Overview
RWKV-v5 Eagle 7B: An Efficient, Multilingual Foundation Model
RWKV/v5-Eagle-7B-pth is a 7.52 billion parameter model leveraging the innovative RWKV-v5 architecture. This architecture is notable for being an "Attention-Free Transformer," which contributes to 10-100x+ lower inference costs compared to traditional transformers, making it one of the world's greenest 7B models per token.
Key Capabilities & Characteristics
- Efficient Architecture: Built on the RWKV-v5 linear transformer, offering significant inference cost reductions.
- Extensive Training Data: Trained on 1.1 trillion tokens, comprising 70% English, 15% multi-language, and 15% code data.
- Multilingual Prowess: Demonstrates superior performance in multi-lingual benchmarks compared to other 7B class models.
- Competitive English Performance: Achieves performance levels comparable to larger models like Falcon (1.5T tokens), LLaMA2 (2T tokens), and Mistral (>2T tokens) in English evaluations, and trades blows with MPT-7B (1T tokens).

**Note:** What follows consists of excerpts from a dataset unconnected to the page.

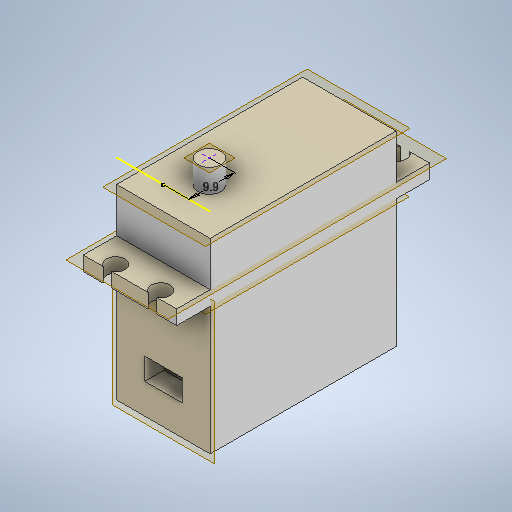
# Autodesk Inventor part: Part
Saved by Autodesk Inventor 2025.2 (Build 292293000, 293)
## iProperties
Created: 2024-12-14
Part Number: Part
Material: 一般
Document SubType Name: Modeling
Designer: mahhy
Density: 1 g/cm^3
Appearance: 既定
Author: mahhy
Autodesk Inventor part; units mm, degrees
ref_plane "YZ Plane" through (0, 0, 0) normal (1, 0, 0) x (0, 1, 0)
ref_plane "XZ Plane" through (0, 0, 0) normal (0, 1, 0) x (-1, 0, 0)
ref_plane "XY Plane" through (0, 0, 0) normal (0, 0, 1) x (1, 0, 0)
sketch "スケッチ2" plane through (0, 0, 0) normal (0, 1, 0) x (-1, 0, 0)
  line L0 (0, 0) -> (20.1, 0)
  line L1 (20.1, 0) -> (20.1, -40)
  line L2 (20.1, -40) -> (0, -40)
  line L3 (0, -40) -> (0, 0)
  dimension "d0" = 20.1
  dimension "d1" = 40
  constraints: 8 end point, 2 parallel, 1 horizontal, 1 perpendicular
  measures "d0" distance of L1.end L2.end
  measures "d1" distance of L0.end L1.end
extrude "押し出し1" add sketch "スケッチ2" along normal blind 27.5
ref_plane "作業平面1" through (0, 27.5, 0) normal (0, 1, 0) x (1, 0, 0)
sketch "スケッチ3" plane through (0, 27.5, 0) normal (0, 1, 0) x (1, 0, 0)
  line L0 (-20.1, 47.19) -> (0, 47.19)
  line L1 (0, 47.19) -> (0, -7.19)
  line L2 (0, -7.19) -> (-20.1, -7.19)
  line L3 (-20.1, -7.19) -> (-20.1, 47.19)
  line L4 (-20.1, 40) -> (-20.1, 0) projected
  line L5 (0, 40) -> (-20.1, 40) projected
  point P0 (0, 0)
  point P1 (-20.1, 20)
  point P2 (-20.1, 20)
  point P3 (-10.05, 47.19)
  point P4 (-10.05, 40)
  point P5 (-10.05, 40)
  point P6 (0, 40)
  point P7 (-20.1, 40)
  dimension "d5" = 20.1
  dimension "d6" = 54.38
  dimension "d7" = 0
  dimension "d8" = 0
  constraints: 8 end point, 5 midpoint, 2 parallel, 1 horizontal, 1 perpendicular
  measures "d5" distance of L1.end L2.end
  measures "d6" distance of L0.end L1.end
  measures "d7" distance of point (-20.1, 20) point (-20.1, 20)
  measures "d8" horizontal distance of point (-10.05, 40) point (-10.05, 47.19)
extrude "押し出し2" add sketch "スケッチ3" along normal blind 3.1
ref_plane "作業平面2" through (0, 30.6, 0) normal (0, 1, 0) x (1, 0, 0)
sketch "スケッチ4" plane through (0, 30.6, 0) normal (0, 1, 0) x (1, 0, 0)
  line L0 (0, -7.19) -> (0, 0) projected
  line L1 (0, 0) -> (-20.1, 0)
  line L2 (-20.1, 0) -> (-20.1, 40)
  line L3 (-20.1, 40) -> (0, 40)
  line L4 (0, 40) -> (0, 0)
  circle A0 centre (-14.9, 45.43) radius 2
  circle A1 centre (-5.2, 45.43) radius 2
  line L5 (-15.85, 47.19) -> (-13.95, 47.19)
  line L6 (-6.15, 47.19) -> (-4.25, 47.19)
  line L7 (-13.95, 47.19) -> (-6.15, 47.19)
  line L8 (0, 47.19) -> (-20.1, 47.19) projected
  point P0 (-10.05, 47.19)
  dimension "d12" = 40
  dimension "d23" = 4
  dimension "d24" = 4
  dimension "d27" = 1.9
  dimension "d28" = 1.9
  dimension "d29" = 7.8
  dimension "d53" = 20.1
  constraints: 14 end point, 4 point on circle, 3 coincident, 2 centre point, 2 collinear, 2 midpoint, 2 parallel, 1 horizontal, 1 perpendicular
  measures "d12" distance of L1.end L2.end
  measures "d23" diameter of A0
  measures "d24" diameter of A1
  measures "d27" distance of L5.start L5.end
  measures "d28" distance of L6.start L6.end
  measures "d29" distance of L6.start L7.start
  measures "d53" distance of L0.end L1.end
extrude "押し出し3" add sketch "スケッチ4" along normal blind 9.55 contours L1 L2 L3 L4
sketch "スケッチ7" plane through (0, 30.6, 0) normal (0, 1, 0) x (1, 0, 0)
  circle A0 centre (-14.9, 45.43) radius 2
  circle A1 centre (-5.2, 45.43) radius 2
  circle A2 centre (-14.9, -5.43) radius 2
  circle A3 centre (-5.2, -5.43) radius 2
  line L0 (-13.95, 47.19) -> (-15.85, 47.19)
  line L1 (-6.15, 47.19) -> (-4.25, 47.19)
  line L2 (-15.85, -7.19) -> (-13.95, -7.19)
  line L3 (-6.15, -7.19) -> (-4.25, -7.19)
  line L4 (-13.95, -7.19) -> (-6.15, -7.19)
  line L5 (-13.95, 47.19) -> (-6.15, 47.19)
  line L6 (0, 47.19) -> (-20.1, 47.19) projected
  line L7 (-20.1, -7.19) -> (0, -7.19) projected
  point P0 (0, 0)
  point P1 (-10.05, -7.19)
  point P2 (-10.05, 47.19)
  point P3 (-10.05, -7.19)
  dimension "d33" = 4
  dimension "d34" = 4
  dimension "d35" = 4
  dimension "d36" = 4
  dimension "d37" = 1.9
  dimension "d38" = 1.9
  dimension "d39" = 1.9
  dimension "d40" = 1.9
  dimension "d41" = 7.8
  dimension "d42" = 7.8
  constraints: 12 end point, 8 point on circle, 5 collinear, 5 midpoint, 4 centre point, 1 horizontal
  measures "d33" diameter of A0
  measures "d34" diameter of A1
  measures "d35" diameter of A2
  measures "d36" diameter of A3
  measures "d37" distance of L0.start L0.end
  measures "d38" distance of L1.start L1.end
  measures "d39" distance of L2.start L2.end
  measures "d40" distance of L3.start L3.end
  measures "d41" distance of L3.start L2.end
  measures "d42" distance of L0.start L1.start
extrude "押し出し6" cut sketch "スケッチ7" against normal through all contours A0 L0 | L1 A1 | A2 L2 | A3 L3 | L3 A3 | L2 A2 picked at (-15.3262, 45.9006) picked at (-5.6145, 46.6348)
ref_plane "作業平面5" through (-20.1, 0, 0) normal (0, 0, 1) x (1, 0, 0)
sketch "スケッチ8" plane through (-20.1, 0, 0) normal (0, 0, 1) x (1, 0, 0)
  line L0 (6.05, 11.2) -> (14.05, 11.2)
  line L1 (14.05, 11.2) -> (14.05, 6.5)
  line L2 (14.05, 6.5) -> (6.05, 6.5)
  line L3 (6.05, 6.5) -> (6.05, 11.2)
  line L4 (0, 0) -> (0, 27.5) projected
  line L5 (20.1, 0) -> (20.1, 27.5) projected
  line L6 (0, 0) -> (20.1, 0) projected
  dimension "d46" = 8
  dimension "d47" = 4.7
  dimension "d48" = 6.05
  dimension "d49" = 6.05
  dimension "d50" = 6.5
  constraints: 8 end point, 2 parallel, 1 horizontal, 1 perpendicular
  measures "d46" distance of L1.end L2.end
  measures "d47" distance of L0.end L1.end
  measures "d48" distance between parallel lines of L4 L3
  measures "d49" distance between parallel lines of L5 L1
  measures "d50" distance between parallel lines of L6 L2
extrude "押し出し7" cut sketch "スケッチ8" against normal blind 4.15
ref_plane "作業平面6" through (0, 40.15, 0) normal (0, 1, 0) x (1, 0, 0)
sketch "スケッチ10" plane through (0, 40.15, 0) normal (0, 1, 0) x (1, 0, 0)
  line L0 (-20.1, 0) -> (0, 0) projected
  circle A0 centre (-10.05, 9.9) radius 2.5
  point P0 (-10.05, 0)
  dimension "d57" = 9.9
  dimension "d59" = 5
  constraints: 1 centre point, 1 coincident, 1 midpoint
  measures "d57" distance from line of L0 point (-10.05, 9.9)
  measures "d59" diameter of A0
extrude "押し出し8" add sketch "スケッチ10" along normal blind 5
ref_plane "作業平面7" through (-10.05, 45.15, -9.9) normal (0, 1, 0) x (1, 0, 0)
sketch "スケッチ11" plane through (-10.05, 45.15, -9.9) normal (0, 1, 0) x (1, 0, 0)
  line L0 (-10.05, -9.9) -> (10.05, -9.9) projected
  point P0 (0, 0)
  point P1 (0, -9.9)
  dimension "d63" = 9.9
  constraints: 1 midpoint
  measures "d63" distance of point (0, 0) point (0, -9.9)

- Foundation Model: This is a base model, and while it includes a very small instruct tune, further fine-tuning is recommended for specific use cases.
Good For
- Applications requiring a highly efficient and environmentally friendly 7B parameter model.
- Tasks benefiting from strong multilingual capabilities.
- Developers looking for a powerful foundation model to fine-tune for specialized applications, especially where inference cost is a critical factor.